I'll be going through that way on Sunday but sticking to the tarmac.


----------



## fossyant (11 Sep 2009)

Spud said:


> Where is Holme Valley? I'm doing the Hilly 50 in Surrey this weekend but I might make a note of the Holme Valley ride for next year .



Oh Southerners.......

Sounds great..but I need to seriously think about some MTB stuff for next year - love it..... not this time, as not planned..... expect someone fast on the flat/up hill, but riding like a granny down hill.................

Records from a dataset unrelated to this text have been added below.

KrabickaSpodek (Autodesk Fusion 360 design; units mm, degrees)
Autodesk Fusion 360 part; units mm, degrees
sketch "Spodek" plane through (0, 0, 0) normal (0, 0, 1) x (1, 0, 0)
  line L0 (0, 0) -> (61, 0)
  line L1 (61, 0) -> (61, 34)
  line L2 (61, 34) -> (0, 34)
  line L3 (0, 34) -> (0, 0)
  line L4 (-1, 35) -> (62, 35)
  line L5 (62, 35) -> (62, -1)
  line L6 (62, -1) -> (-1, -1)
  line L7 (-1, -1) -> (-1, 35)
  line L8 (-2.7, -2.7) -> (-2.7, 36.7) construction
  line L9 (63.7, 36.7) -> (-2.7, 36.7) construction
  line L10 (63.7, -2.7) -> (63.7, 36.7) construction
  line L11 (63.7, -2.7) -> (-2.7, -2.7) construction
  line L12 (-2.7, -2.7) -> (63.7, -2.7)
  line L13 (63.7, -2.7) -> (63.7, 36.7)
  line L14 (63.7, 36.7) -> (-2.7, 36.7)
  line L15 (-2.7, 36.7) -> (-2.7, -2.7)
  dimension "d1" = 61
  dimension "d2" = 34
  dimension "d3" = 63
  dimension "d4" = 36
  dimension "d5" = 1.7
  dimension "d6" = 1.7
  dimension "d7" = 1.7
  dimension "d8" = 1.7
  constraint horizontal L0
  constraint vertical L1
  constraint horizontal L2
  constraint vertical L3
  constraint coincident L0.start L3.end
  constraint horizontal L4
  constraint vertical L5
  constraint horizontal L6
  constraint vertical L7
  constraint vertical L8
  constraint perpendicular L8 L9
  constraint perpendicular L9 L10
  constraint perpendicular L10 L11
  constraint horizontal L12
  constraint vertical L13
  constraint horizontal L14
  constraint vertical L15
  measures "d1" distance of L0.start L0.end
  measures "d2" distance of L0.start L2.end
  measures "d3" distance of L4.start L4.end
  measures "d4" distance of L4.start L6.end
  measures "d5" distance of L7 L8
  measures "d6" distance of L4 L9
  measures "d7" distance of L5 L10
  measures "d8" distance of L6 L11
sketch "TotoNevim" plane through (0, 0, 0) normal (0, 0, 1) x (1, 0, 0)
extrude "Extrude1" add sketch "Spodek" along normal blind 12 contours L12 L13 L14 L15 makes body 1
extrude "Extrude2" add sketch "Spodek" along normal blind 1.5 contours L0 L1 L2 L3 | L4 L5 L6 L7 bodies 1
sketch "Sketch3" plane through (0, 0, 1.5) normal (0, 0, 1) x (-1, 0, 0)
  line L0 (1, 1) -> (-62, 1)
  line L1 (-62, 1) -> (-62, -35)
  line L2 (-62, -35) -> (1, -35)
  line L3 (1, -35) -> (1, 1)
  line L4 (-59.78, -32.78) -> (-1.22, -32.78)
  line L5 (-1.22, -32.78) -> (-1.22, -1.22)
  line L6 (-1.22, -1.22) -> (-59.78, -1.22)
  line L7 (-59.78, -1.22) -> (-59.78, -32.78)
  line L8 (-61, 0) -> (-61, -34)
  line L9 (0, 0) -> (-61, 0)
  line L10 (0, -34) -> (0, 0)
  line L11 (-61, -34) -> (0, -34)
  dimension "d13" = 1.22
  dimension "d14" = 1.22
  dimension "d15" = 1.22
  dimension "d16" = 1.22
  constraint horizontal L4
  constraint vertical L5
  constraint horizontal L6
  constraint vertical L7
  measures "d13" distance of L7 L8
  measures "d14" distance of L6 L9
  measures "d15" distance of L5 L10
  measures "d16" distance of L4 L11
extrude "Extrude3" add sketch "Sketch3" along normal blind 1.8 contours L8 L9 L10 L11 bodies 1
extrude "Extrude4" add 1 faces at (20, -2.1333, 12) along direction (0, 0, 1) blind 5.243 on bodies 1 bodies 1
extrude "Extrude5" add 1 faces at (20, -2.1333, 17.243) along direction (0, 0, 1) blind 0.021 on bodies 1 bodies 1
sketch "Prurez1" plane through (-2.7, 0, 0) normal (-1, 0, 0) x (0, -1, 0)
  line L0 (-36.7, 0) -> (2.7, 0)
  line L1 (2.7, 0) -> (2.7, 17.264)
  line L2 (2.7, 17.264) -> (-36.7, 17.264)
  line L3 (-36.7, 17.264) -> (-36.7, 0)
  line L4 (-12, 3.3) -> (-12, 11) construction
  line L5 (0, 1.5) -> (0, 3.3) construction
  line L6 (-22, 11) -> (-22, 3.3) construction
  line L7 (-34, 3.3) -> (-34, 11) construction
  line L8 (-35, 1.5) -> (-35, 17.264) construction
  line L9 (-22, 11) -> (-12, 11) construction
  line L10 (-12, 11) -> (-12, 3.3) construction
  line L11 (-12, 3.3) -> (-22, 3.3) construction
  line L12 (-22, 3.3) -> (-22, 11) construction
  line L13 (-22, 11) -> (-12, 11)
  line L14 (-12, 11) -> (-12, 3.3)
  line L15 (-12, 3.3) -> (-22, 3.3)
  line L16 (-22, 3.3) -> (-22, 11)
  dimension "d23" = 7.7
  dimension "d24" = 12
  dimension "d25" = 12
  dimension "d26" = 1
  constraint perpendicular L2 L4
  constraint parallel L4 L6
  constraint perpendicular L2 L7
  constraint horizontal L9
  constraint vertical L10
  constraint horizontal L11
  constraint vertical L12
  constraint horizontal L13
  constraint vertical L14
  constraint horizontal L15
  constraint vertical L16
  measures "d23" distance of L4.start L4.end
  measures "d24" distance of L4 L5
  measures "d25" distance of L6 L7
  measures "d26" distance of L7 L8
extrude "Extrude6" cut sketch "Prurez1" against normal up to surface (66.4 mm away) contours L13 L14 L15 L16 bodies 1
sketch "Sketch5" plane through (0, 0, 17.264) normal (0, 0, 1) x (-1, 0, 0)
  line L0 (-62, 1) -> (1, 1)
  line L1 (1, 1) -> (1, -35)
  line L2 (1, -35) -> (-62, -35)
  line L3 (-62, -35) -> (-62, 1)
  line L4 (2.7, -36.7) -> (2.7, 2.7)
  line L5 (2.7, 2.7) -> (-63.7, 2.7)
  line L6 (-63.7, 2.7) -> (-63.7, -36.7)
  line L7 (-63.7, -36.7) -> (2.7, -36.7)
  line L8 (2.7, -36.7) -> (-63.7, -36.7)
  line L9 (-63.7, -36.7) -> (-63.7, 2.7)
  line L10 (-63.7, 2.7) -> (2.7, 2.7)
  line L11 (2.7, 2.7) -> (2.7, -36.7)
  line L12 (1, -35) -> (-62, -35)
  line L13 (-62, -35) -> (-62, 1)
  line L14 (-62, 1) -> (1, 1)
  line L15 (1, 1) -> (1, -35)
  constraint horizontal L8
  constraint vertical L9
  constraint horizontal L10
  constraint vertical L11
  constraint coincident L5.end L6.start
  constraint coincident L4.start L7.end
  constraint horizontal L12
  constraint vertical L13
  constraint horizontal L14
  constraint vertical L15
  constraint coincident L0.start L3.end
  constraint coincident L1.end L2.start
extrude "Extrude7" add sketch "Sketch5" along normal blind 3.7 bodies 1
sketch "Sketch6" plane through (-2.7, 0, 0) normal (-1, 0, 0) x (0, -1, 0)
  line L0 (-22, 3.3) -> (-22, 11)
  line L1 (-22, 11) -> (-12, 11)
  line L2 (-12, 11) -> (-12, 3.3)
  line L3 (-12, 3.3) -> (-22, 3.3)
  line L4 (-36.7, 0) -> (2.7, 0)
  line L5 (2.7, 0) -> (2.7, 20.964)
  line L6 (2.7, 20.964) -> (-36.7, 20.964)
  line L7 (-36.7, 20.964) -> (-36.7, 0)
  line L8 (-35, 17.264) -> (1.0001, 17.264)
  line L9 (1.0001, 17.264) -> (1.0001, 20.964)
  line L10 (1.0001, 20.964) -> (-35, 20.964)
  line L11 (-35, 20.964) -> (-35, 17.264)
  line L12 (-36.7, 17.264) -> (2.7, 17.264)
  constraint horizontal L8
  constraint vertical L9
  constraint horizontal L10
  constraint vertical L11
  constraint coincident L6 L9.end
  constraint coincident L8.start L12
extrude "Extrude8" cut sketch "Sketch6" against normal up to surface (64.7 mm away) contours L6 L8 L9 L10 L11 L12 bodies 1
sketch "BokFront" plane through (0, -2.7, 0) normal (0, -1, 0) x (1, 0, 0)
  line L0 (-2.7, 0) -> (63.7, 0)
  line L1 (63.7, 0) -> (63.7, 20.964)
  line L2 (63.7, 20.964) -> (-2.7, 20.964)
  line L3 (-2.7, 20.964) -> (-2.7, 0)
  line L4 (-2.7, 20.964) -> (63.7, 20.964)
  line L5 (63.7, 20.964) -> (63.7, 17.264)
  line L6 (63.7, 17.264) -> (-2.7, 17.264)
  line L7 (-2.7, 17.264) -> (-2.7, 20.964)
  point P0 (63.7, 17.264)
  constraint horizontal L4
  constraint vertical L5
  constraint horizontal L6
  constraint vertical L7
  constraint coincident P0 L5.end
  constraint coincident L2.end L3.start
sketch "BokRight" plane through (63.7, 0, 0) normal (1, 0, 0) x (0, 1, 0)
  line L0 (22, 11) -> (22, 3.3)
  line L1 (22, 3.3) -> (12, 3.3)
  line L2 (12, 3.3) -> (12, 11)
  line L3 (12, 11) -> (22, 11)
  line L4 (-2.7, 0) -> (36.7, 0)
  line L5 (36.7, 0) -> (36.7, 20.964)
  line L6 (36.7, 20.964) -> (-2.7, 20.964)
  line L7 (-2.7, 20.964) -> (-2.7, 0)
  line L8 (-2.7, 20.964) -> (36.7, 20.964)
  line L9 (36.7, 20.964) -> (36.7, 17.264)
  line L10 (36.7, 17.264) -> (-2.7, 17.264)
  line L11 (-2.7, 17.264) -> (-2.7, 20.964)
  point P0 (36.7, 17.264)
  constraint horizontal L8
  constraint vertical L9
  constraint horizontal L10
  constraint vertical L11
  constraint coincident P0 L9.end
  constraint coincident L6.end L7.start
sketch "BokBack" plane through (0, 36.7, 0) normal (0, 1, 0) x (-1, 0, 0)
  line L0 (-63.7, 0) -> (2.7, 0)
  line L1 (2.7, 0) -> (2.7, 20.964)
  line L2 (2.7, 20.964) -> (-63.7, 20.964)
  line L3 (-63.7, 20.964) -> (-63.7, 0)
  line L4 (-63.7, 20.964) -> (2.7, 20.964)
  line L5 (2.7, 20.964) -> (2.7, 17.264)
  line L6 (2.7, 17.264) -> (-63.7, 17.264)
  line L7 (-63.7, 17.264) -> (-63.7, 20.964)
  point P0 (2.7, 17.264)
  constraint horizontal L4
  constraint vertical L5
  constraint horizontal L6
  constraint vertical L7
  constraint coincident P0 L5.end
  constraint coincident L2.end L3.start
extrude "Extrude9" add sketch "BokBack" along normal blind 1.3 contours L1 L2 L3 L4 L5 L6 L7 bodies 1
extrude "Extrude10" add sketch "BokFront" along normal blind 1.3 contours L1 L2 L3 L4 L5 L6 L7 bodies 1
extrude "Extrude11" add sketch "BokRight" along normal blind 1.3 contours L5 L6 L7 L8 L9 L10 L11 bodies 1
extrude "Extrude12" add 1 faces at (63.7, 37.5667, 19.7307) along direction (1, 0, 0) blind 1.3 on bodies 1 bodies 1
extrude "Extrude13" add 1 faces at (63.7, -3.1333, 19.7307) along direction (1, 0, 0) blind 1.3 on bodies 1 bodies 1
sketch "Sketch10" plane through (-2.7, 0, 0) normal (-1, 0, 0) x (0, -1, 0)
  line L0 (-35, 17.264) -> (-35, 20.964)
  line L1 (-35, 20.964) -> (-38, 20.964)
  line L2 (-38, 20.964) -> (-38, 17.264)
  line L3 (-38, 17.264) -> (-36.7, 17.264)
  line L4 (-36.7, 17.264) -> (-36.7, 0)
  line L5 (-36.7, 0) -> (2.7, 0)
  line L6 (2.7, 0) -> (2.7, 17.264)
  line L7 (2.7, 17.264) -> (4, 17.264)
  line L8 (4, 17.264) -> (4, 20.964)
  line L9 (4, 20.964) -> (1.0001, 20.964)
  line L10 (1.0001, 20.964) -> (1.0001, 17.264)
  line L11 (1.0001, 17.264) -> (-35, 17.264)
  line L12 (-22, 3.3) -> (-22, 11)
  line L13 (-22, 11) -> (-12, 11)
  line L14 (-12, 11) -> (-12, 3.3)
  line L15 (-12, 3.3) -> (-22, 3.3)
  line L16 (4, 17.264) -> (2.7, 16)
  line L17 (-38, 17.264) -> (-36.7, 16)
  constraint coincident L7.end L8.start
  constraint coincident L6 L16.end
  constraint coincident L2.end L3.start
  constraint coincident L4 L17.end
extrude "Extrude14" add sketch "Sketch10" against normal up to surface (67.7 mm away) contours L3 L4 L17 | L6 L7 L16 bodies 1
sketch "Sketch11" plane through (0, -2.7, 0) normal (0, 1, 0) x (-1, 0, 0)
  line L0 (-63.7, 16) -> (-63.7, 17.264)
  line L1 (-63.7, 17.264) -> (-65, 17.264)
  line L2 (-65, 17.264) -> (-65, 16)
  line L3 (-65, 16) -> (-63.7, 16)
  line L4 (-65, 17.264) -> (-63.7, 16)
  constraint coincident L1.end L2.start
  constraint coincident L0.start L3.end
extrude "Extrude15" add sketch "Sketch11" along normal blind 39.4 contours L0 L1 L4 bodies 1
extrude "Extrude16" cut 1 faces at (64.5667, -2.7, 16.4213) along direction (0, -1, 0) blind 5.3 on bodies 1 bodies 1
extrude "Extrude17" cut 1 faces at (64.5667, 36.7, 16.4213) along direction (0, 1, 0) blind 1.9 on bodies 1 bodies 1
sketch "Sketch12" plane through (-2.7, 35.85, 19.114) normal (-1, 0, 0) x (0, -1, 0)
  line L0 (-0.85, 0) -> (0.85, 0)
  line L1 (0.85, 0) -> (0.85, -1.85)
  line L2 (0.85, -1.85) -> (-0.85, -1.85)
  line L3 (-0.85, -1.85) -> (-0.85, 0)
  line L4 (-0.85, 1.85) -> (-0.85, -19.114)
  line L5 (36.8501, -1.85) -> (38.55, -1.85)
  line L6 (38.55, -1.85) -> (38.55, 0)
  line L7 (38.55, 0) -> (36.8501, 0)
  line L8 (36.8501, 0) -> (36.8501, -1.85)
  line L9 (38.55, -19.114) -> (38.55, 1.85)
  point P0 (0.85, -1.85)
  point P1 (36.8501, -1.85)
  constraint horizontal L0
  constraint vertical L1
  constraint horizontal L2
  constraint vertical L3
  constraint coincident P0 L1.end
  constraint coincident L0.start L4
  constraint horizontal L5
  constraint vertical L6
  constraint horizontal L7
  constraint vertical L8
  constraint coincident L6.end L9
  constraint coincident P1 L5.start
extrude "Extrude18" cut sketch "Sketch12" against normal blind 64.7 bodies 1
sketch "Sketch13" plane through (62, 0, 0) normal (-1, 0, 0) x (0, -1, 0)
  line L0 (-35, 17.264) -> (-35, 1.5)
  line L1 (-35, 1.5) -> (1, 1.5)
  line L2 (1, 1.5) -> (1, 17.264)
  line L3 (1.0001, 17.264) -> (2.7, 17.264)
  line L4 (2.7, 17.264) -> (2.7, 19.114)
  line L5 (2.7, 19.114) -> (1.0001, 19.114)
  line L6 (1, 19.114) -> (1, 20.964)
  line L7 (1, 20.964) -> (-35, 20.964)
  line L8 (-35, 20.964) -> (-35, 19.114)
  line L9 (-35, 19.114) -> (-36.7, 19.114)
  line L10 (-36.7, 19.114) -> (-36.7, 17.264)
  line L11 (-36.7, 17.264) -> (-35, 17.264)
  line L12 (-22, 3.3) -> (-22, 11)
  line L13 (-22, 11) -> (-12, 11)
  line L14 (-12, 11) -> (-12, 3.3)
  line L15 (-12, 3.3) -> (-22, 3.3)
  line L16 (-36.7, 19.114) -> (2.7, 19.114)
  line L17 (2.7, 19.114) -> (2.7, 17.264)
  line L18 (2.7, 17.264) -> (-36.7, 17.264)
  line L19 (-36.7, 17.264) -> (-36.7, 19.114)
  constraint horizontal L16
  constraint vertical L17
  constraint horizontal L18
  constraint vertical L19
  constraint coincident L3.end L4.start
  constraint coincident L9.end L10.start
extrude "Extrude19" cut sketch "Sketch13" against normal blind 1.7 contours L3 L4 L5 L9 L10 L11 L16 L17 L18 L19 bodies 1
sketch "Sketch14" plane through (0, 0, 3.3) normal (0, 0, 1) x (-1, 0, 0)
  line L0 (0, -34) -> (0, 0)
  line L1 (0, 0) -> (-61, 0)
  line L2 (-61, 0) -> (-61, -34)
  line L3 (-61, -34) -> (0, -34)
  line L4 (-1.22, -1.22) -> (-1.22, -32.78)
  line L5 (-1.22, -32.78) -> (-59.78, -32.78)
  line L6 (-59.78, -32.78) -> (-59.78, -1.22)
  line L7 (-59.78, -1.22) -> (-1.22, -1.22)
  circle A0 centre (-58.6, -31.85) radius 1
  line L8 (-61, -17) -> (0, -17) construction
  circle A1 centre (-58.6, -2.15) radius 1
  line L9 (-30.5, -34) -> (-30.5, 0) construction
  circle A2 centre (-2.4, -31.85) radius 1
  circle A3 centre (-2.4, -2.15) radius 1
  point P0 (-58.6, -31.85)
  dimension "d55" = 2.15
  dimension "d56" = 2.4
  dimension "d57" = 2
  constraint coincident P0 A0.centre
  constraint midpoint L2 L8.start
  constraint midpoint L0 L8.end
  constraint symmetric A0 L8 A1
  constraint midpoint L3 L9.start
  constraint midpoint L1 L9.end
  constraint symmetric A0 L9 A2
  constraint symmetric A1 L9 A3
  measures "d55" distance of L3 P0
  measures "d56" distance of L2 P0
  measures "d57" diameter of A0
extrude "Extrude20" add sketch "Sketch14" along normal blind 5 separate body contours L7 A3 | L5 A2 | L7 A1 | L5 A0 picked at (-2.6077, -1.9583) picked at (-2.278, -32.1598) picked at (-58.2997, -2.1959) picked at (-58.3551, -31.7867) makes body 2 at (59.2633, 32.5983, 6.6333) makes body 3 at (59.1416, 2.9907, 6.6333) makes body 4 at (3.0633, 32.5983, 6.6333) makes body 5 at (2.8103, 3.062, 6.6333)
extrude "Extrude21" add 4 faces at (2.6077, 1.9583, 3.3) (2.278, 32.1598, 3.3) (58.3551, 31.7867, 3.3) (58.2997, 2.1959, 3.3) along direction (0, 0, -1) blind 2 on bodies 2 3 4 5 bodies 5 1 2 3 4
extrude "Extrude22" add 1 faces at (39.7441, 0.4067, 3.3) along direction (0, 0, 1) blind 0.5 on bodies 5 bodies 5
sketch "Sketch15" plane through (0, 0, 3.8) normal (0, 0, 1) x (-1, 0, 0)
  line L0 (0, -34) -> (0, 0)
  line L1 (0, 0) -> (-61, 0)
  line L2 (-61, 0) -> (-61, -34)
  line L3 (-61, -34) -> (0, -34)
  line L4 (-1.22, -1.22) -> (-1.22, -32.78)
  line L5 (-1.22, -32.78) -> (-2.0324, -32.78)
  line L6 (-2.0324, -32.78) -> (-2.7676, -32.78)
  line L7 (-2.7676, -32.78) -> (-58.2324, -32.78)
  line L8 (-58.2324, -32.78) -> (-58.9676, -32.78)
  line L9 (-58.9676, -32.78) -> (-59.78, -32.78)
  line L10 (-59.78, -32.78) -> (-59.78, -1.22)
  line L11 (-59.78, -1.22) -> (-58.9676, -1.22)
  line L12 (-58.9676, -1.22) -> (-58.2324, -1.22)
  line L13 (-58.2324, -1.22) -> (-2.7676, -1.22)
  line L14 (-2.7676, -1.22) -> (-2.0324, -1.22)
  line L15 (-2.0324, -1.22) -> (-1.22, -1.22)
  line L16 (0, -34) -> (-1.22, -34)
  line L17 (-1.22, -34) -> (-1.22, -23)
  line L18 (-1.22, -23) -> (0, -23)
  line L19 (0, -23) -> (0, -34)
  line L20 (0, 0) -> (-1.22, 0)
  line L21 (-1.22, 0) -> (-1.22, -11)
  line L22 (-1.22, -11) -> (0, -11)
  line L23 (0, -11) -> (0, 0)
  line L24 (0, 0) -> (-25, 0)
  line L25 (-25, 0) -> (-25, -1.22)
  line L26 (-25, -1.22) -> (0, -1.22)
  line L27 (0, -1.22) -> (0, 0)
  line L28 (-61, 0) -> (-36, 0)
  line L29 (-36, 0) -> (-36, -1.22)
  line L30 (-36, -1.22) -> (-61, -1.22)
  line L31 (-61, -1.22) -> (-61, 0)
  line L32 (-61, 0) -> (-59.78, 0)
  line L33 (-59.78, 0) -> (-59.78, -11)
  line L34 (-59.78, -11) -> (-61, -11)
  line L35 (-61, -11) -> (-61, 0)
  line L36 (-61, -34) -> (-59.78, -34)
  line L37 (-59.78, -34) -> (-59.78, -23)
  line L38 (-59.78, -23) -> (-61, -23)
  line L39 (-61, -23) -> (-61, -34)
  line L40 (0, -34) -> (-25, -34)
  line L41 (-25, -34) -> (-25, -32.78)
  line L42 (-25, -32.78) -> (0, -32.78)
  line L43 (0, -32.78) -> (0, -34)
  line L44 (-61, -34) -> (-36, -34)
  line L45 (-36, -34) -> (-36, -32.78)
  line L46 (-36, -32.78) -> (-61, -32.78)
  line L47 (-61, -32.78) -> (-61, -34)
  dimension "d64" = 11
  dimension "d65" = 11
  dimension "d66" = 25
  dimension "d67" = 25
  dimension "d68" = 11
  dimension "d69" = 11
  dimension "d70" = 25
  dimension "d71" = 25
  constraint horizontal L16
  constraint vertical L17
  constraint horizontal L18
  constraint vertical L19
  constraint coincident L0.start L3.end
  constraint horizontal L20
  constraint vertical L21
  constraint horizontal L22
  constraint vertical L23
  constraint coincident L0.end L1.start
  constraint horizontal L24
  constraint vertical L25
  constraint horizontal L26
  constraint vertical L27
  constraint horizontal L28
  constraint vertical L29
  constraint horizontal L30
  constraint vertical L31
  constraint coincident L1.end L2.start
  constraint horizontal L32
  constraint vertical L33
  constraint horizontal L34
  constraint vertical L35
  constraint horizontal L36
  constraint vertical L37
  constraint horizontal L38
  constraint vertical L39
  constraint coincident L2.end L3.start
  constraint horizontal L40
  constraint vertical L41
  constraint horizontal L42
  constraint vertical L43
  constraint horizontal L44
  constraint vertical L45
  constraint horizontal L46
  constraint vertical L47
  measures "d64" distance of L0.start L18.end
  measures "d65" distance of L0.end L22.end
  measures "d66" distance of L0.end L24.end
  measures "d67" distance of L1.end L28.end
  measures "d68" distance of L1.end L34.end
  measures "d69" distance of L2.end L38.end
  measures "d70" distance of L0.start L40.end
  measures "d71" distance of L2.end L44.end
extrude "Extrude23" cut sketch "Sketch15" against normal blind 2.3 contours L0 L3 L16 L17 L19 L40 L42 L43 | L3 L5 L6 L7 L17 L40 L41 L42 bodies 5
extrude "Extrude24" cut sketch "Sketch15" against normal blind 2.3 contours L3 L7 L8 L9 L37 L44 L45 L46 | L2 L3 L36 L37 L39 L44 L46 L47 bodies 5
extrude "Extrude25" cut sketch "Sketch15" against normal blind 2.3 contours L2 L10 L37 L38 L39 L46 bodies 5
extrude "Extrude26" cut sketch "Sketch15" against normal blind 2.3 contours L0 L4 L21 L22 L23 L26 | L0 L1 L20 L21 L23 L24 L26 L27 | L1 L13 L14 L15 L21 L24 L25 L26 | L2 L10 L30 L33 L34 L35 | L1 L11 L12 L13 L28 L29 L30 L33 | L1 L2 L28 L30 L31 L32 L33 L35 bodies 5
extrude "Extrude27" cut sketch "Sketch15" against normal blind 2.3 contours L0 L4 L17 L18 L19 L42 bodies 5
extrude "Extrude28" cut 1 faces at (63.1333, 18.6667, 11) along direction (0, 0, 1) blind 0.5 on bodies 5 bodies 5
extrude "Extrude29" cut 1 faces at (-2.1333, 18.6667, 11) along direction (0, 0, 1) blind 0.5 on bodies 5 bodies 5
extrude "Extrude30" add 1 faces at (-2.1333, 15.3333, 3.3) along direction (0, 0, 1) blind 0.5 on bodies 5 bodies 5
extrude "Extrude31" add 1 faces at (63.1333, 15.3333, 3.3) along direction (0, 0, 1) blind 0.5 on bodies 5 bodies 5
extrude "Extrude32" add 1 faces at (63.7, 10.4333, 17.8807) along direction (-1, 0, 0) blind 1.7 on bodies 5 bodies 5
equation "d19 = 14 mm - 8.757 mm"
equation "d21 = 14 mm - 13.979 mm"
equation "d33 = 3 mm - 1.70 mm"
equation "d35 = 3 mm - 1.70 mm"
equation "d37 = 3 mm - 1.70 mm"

Really fancy some of this stuff..........


----------



## Spud (12 Sep 2009)

Never been to Huddersfield. I'm going to pencil that in my diary for next year. 
Now where's my cloth cap.


----------



## Cubist (12 Sep 2009)

Here in the south pennines we have a summer calendar of delights, starting in May with the Colne Valley MTB Challenge which my children's scout group organise , the Calderdale MTB Marathon, The Overgate Hospice challenge, Mary Townley Loop, The Holme Valley Challenge, Pennine X , to name but a few. All within ten miles of my house. I broke two vertebrae training for the Colne Valley in May, and tomorrow's challenge will be the first one for me (except the Evans ride it last weekend) since declaring myself fit enough to give it a go.


----------



## Cubist (13 Sep 2009)

Wahey, what a blast! Supposedly 30 miles, but turned out nearer 33, with as many climbs on and off road as you can shake a stick at. Packing in the fags and making a point of hill training recently has really paid off. I finished in 3h 38m. Suffered a slight technical hitch when I went for a handful of front brake to discover the lever pivot had worked itself loose and disappeared. A piece of heather stalk sufficed to get me round the remaining 29 miles. Calderdale MTB Marathon is on 11 October. Anyone up for it?


----------



## fossyant (13 Sep 2009)

Me, dan_bo and Longers passed a few MTB'ers today doing this....... - sorry but we chatted with tonje or two and asked if they were doing it - looked a good 'un.....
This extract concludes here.